生きていたら様々な人や物との出合いがあります。
 その時は何でこんなことをしないといけないのか、辛い、苦しいと感じることも、ずっと先になるとあのときのことは、全てが今の自分の糧になっているとわかる時がいつか来ます。
 臨終にはその人の一生が走馬灯のように見えるらしいのですが、その時に最終的には全部わかるのでしょう。

 ただ、臨終にそれらを見て満足な人生だったというのならまだしも、シンクロニシティに気が付かず、チャンスを生かすことが出来ず後悔するのだけは残念です。
 だから自分に起こっていることを一々、佳いとかそうでないとかで評価しないで、これらすべては、人生から自分に求められていることなのだと受け止めてそれらと対峙していくことが肝要です。

 自分が何をしたいのか、自分の欲を満たすことを優先させず、人生から求められる使命を果たすことに専念していったら、愚痴や不平不満は消えて無くなるでしょう。
 自己満足という自己欺瞞やこれも自分の為の欲でしょうが、人から悪く思われないために自分の志や使命でないことをしてしまう甘さも認識され、止めることが出来ます。

 根幹がしっかりしていたらぶれないし、この人生での自分に課せられた役割を果たすことに専念できます。
 そこまで全部が見通せ、自己を客観視出来たら、人生はほどほどに悪くもないかなと感じられます。

 某真宗系宗教団体の話を30年間、聞きに行っていたことを後悔しておりましたが、最近これも通らなければならない道であり、意味があったのではないかと振り返って考え出しました。
 某大学で文学や宗教を教えていらっしゃった先生の御著書を最近進呈していただいて、拝読する御縁がありました。
 驚くことに、その本の中には私が30年間聞いてきた話がびっしり詰まっていました。

 宗教団体の会長や組織は尊敬できないものであったのですが、話されていた内容は玉石混合であったのだと気が付かされました。
 そして、途中までは本当に多くの人に早く信心を賜って欲しい気持ちが会長にもあったのだとも感じております。
 ただ、教学を勉強できる場所や友だちという御縁もなく、お山の大将になってしまい、イエスマンに囲まれる中、五欲を求めることに夢中になり、いつの間にか初めの志がなくなってしまったのではないかと気の毒にもなりました。

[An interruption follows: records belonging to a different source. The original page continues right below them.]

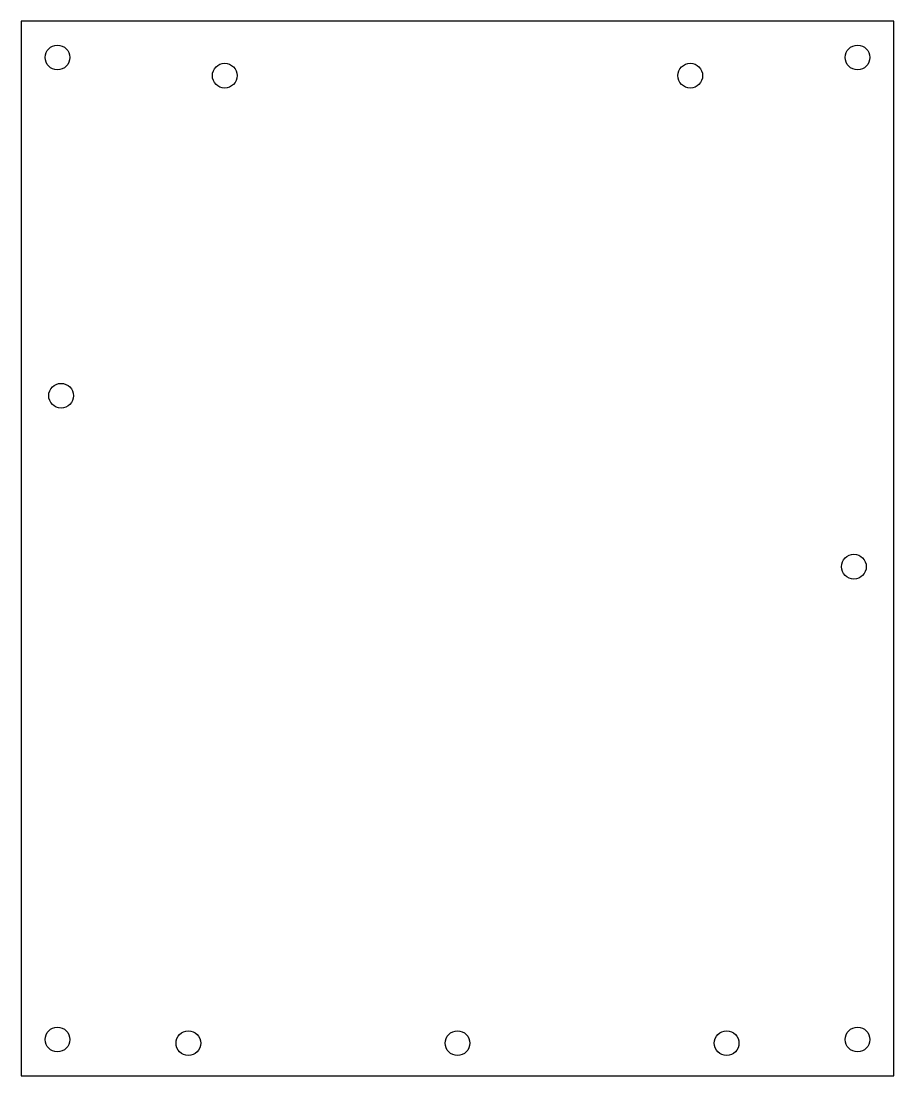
# Model space of a CAD drawing. Header units: millimetres. Extents: x 0 to 120, y 0 to 145.
import ezdxf

# ---------------------------------------------------------------- set-up
doc = ezdxf.new("R2010")
doc.units = ezdxf.units.MM

msp = doc.modelspace()

# ---------------------------------------------------------------- linework, layer by layer
at = {"layer": 'HOLES'}
for centre in [(5, 140), (115, 140), (28, 137.5), (92, 137.5), (5.5, 93.5), (114.5, 70), (5, 5), (23, 4.5), (60, 4.5), (97, 4.5), (115, 5)]:
    msp.add_circle(centre, 1.7, dxfattribs=at)
at = {"layer": 'OUTLINE'}
for p, q in [((120, 145), (0, 145)), ((0, 145), (0, 0)), ((120, 0), (120, 145)), ((0, 0), (120, 0))]:
    msp.add_line(p, q, dxfattribs=at)

doc.saveas('drawing.dxf')

 振り返ると、確かに彼とは、救われて欲しい、助かりたいとの気持ちで、白兵戦も何度かしました。
 しかし、彼の能力不足なのか、私の縁が熟していなかったのか、それとも救われてから、こんな話をするのだと勉強するためにその会にいて聞いていたのかどれかか、全部なのか分かりませんが、私はそこでずっと話を聞くことになっていたのでしょう。

 今頃になって、救いのお話をさせていただいているとき、その当時聞いていた話を無意識に話ている自分に驚いたりしています。
 今はアウトプットする状況ですが、同時に無性に浄土三部経や七高僧方や蓮如上人のお聖教が懐かしくもあり、有難く拝読させていただいております。
 そして暇さえあれば、善知識方がなされたようにお念仏を称えさせていただいております。

よかったこと
 諦めることがどんな場合でも大切だと知らされます。